→ **DESCRIPTION OF THE TASK**
Please quote exactly the lines below from the line containing "#147=LINE('',#146,#145);" to the line containing "#175=VECTOR('',#174,1.);", both lines included, and nothing else.

→ **DATA EXTRACT**
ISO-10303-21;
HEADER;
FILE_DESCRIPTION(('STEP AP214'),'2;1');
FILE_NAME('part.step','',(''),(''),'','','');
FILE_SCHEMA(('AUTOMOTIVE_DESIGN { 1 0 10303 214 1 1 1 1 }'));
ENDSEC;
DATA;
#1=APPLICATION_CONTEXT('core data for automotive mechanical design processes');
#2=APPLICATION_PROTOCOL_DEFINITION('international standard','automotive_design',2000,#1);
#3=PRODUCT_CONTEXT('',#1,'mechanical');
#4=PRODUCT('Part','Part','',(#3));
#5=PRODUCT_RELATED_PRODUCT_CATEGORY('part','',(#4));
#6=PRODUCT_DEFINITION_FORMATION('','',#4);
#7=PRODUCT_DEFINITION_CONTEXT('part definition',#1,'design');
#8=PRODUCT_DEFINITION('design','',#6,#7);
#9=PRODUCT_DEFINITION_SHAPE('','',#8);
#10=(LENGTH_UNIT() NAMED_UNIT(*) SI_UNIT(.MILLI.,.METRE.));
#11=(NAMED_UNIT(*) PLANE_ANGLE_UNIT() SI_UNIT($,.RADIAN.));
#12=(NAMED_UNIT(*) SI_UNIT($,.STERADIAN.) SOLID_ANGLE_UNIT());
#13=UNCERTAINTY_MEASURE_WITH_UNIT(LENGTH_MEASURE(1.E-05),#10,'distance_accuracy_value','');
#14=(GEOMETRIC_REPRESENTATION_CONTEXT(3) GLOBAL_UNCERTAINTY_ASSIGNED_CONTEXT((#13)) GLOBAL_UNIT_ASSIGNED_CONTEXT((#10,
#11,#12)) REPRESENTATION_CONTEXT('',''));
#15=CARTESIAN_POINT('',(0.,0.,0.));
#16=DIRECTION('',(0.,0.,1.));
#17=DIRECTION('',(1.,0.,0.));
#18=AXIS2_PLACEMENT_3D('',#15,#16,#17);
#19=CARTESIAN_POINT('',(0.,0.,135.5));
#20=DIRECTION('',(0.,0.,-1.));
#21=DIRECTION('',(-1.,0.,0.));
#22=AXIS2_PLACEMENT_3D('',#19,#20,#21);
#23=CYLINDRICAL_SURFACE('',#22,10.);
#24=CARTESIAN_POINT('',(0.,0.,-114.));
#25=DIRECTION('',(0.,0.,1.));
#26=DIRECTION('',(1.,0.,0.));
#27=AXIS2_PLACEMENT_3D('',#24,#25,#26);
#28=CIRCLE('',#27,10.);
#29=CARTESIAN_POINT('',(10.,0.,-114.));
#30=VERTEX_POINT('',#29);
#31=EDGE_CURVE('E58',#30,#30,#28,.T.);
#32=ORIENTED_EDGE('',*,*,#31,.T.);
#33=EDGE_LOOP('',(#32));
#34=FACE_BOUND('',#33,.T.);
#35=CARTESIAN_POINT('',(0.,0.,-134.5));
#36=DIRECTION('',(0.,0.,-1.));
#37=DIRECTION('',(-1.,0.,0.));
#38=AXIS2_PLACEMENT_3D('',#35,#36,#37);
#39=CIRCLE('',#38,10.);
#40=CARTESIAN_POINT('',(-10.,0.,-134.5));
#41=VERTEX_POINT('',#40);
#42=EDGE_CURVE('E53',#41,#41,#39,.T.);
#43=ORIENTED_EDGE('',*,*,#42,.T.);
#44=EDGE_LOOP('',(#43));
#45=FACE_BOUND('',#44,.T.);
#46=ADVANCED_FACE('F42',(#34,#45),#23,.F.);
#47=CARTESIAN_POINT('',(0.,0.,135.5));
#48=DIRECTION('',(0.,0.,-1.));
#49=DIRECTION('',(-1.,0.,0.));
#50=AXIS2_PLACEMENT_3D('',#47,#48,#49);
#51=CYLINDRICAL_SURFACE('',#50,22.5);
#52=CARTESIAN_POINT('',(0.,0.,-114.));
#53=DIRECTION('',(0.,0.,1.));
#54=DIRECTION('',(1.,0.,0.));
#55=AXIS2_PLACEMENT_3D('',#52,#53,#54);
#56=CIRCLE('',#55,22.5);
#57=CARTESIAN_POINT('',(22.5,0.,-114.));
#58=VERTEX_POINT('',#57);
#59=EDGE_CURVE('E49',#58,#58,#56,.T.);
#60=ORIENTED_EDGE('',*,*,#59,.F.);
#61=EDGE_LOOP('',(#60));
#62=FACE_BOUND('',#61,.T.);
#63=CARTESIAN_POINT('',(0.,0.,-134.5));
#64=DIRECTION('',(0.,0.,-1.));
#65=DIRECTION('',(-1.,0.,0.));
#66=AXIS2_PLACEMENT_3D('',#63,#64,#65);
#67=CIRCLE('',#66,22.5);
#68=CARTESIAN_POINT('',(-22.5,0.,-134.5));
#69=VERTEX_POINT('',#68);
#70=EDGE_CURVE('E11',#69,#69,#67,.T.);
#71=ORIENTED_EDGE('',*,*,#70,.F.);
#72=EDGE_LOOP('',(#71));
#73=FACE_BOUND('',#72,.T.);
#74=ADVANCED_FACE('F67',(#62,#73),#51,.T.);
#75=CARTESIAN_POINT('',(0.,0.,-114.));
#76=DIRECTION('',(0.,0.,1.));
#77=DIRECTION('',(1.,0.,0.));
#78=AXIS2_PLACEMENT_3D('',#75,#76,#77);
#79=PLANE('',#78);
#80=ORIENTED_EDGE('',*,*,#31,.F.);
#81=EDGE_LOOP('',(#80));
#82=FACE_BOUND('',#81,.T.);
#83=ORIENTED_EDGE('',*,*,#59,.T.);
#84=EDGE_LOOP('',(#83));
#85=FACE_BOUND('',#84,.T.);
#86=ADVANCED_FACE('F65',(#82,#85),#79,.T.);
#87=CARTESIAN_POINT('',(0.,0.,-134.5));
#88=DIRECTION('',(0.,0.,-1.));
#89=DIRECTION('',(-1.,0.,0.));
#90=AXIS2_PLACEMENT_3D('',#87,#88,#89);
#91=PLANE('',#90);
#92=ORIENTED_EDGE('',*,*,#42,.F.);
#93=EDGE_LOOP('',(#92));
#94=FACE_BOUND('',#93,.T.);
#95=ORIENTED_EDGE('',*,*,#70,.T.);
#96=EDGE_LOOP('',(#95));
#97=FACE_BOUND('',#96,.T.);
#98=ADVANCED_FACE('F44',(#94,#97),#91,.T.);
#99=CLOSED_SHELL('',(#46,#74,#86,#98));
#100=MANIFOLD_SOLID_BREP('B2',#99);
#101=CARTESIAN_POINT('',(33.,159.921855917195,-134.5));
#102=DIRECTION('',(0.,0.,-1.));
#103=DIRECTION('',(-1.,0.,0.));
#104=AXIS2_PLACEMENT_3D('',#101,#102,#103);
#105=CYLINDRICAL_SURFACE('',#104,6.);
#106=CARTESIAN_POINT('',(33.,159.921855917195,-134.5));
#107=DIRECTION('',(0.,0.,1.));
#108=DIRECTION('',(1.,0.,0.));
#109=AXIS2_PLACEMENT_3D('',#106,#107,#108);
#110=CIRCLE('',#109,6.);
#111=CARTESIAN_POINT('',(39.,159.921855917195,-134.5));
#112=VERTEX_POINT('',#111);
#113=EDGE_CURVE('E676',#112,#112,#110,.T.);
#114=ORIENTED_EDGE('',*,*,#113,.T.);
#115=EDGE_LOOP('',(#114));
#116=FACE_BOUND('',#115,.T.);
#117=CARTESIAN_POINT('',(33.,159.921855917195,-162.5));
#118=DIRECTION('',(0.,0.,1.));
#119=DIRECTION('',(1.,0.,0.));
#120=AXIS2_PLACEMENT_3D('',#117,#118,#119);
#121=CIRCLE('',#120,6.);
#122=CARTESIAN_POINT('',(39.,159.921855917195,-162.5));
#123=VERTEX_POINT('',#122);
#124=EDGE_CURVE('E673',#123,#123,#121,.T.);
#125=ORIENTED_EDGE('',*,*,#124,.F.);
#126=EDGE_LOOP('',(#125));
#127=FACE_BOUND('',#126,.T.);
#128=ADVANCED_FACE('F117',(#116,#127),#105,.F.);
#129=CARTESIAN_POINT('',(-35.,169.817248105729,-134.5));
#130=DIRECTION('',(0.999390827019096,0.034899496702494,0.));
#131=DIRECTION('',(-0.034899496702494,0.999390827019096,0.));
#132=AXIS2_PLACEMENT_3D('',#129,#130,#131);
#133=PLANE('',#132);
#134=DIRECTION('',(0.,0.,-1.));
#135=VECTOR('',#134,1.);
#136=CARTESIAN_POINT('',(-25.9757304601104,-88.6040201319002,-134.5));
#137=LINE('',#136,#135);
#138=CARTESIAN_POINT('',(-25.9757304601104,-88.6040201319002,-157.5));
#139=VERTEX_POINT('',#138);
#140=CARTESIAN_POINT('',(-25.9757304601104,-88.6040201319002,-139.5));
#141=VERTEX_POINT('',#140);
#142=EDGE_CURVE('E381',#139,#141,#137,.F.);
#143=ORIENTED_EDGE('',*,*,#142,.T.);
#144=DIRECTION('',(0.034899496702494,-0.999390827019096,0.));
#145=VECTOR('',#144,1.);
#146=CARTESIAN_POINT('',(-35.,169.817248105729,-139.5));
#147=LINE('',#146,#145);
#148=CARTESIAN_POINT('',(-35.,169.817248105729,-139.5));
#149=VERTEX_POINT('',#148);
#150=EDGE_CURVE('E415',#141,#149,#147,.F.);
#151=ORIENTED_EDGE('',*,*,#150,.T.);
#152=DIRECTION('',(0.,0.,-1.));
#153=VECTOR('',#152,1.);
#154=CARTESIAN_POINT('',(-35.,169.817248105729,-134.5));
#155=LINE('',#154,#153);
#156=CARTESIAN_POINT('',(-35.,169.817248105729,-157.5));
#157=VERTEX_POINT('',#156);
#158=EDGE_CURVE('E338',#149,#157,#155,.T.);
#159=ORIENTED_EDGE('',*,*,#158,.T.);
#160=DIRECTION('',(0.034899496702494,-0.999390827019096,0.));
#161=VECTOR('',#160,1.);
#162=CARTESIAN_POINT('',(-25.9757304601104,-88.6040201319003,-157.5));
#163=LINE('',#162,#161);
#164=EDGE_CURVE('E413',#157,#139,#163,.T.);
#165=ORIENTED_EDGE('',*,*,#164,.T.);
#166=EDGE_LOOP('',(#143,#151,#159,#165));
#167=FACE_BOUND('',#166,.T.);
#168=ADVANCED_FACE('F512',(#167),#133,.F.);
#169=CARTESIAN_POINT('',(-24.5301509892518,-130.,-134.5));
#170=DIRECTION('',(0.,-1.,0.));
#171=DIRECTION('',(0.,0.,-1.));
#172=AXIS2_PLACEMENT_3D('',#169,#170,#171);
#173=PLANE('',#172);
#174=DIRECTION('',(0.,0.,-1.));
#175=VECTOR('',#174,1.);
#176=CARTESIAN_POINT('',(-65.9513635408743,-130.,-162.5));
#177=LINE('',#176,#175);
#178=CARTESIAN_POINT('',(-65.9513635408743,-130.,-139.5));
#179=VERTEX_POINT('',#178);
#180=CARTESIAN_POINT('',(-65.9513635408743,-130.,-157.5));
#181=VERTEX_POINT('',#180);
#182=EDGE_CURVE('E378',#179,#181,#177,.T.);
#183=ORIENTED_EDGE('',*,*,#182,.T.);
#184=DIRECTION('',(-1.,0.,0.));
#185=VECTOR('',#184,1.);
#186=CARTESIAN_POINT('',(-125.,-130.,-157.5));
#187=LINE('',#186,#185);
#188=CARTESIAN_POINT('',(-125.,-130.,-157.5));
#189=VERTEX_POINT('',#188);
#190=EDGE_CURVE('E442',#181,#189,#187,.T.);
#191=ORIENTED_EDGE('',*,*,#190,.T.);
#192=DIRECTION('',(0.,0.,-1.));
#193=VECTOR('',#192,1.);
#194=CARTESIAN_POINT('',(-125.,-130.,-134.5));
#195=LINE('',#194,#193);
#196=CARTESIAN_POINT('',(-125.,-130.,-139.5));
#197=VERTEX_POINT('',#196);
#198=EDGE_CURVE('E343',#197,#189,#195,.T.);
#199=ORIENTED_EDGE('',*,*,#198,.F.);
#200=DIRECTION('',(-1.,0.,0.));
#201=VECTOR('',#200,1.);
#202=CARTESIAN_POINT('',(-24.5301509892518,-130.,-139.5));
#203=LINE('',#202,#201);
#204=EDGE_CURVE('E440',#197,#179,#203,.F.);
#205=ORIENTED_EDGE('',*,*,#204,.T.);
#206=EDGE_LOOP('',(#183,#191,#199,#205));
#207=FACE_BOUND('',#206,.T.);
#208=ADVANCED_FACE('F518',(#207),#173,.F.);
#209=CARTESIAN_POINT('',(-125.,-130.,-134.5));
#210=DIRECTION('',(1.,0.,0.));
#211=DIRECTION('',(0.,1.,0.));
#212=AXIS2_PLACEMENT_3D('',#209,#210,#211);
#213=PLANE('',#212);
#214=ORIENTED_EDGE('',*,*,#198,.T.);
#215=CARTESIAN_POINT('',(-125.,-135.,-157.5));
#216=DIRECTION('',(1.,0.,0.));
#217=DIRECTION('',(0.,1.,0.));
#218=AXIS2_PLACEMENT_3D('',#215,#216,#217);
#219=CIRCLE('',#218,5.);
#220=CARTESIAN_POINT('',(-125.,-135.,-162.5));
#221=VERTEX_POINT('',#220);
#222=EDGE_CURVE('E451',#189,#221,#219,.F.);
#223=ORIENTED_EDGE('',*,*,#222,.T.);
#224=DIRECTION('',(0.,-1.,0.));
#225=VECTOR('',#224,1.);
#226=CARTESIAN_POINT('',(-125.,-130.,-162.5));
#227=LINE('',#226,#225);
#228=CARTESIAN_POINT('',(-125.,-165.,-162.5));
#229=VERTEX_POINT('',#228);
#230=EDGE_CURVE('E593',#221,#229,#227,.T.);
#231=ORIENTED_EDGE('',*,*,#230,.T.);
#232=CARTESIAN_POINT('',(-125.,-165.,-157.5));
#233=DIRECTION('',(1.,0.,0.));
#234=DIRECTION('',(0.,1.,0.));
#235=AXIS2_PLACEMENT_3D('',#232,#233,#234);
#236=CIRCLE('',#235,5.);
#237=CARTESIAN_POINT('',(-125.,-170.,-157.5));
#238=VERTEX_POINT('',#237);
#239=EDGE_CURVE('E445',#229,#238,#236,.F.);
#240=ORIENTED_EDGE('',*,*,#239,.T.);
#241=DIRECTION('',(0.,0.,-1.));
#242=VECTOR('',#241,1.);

→ **ANSWER TO THIS EXERCISE**
#147=LINE('',#146,#145);
#148=CARTESIAN_POINT('',(-35.,169.817248105729,-139.5));
#149=VERTEX_POINT('',#148);
#150=EDGE_CURVE('E415',#141,#149,#147,.F.);
#151=ORIENTED_EDGE('',*,*,#150,.T.);
#152=DIRECTION('',(0.,0.,-1.));
#153=VECTOR('',#152,1.);
#154=CARTESIAN_POINT('',(-35.,169.817248105729,-134.5));
#155=LINE('',#154,#153);
#156=CARTESIAN_POINT('',(-35.,169.817248105729,-157.5));
#157=VERTEX_POINT('',#156);
#158=EDGE_CURVE('E338',#149,#157,#155,.T.);
#159=ORIENTED_EDGE('',*,*,#158,.T.);
#160=DIRECTION('',(0.034899496702494,-0.999390827019096,0.));
#161=VECTOR('',#160,1.);
#162=CARTESIAN_POINT('',(-25.9757304601104,-88.6040201319003,-157.5));
#163=LINE('',#162,#161);
#164=EDGE_CURVE('E413',#157,#139,#163,.T.);
#165=ORIENTED_EDGE('',*,*,#164,.T.);
#166=EDGE_LOOP('',(#143,#151,#159,#165));
#167=FACE_BOUND('',#166,.T.);
#168=ADVANCED_FACE('F512',(#167),#133,.F.);
#169=CARTESIAN_POINT('',(-24.5301509892518,-130.,-134.5));
#170=DIRECTION('',(0.,-1.,0.));
#171=DIRECTION('',(0.,0.,-1.));
#172=AXIS2_PLACEMENT_3D('',#169,#170,#171);
#173=PLANE('',#172);
#174=DIRECTION('',(0.,0.,-1.));
#175=VECTOR('',#174,1.);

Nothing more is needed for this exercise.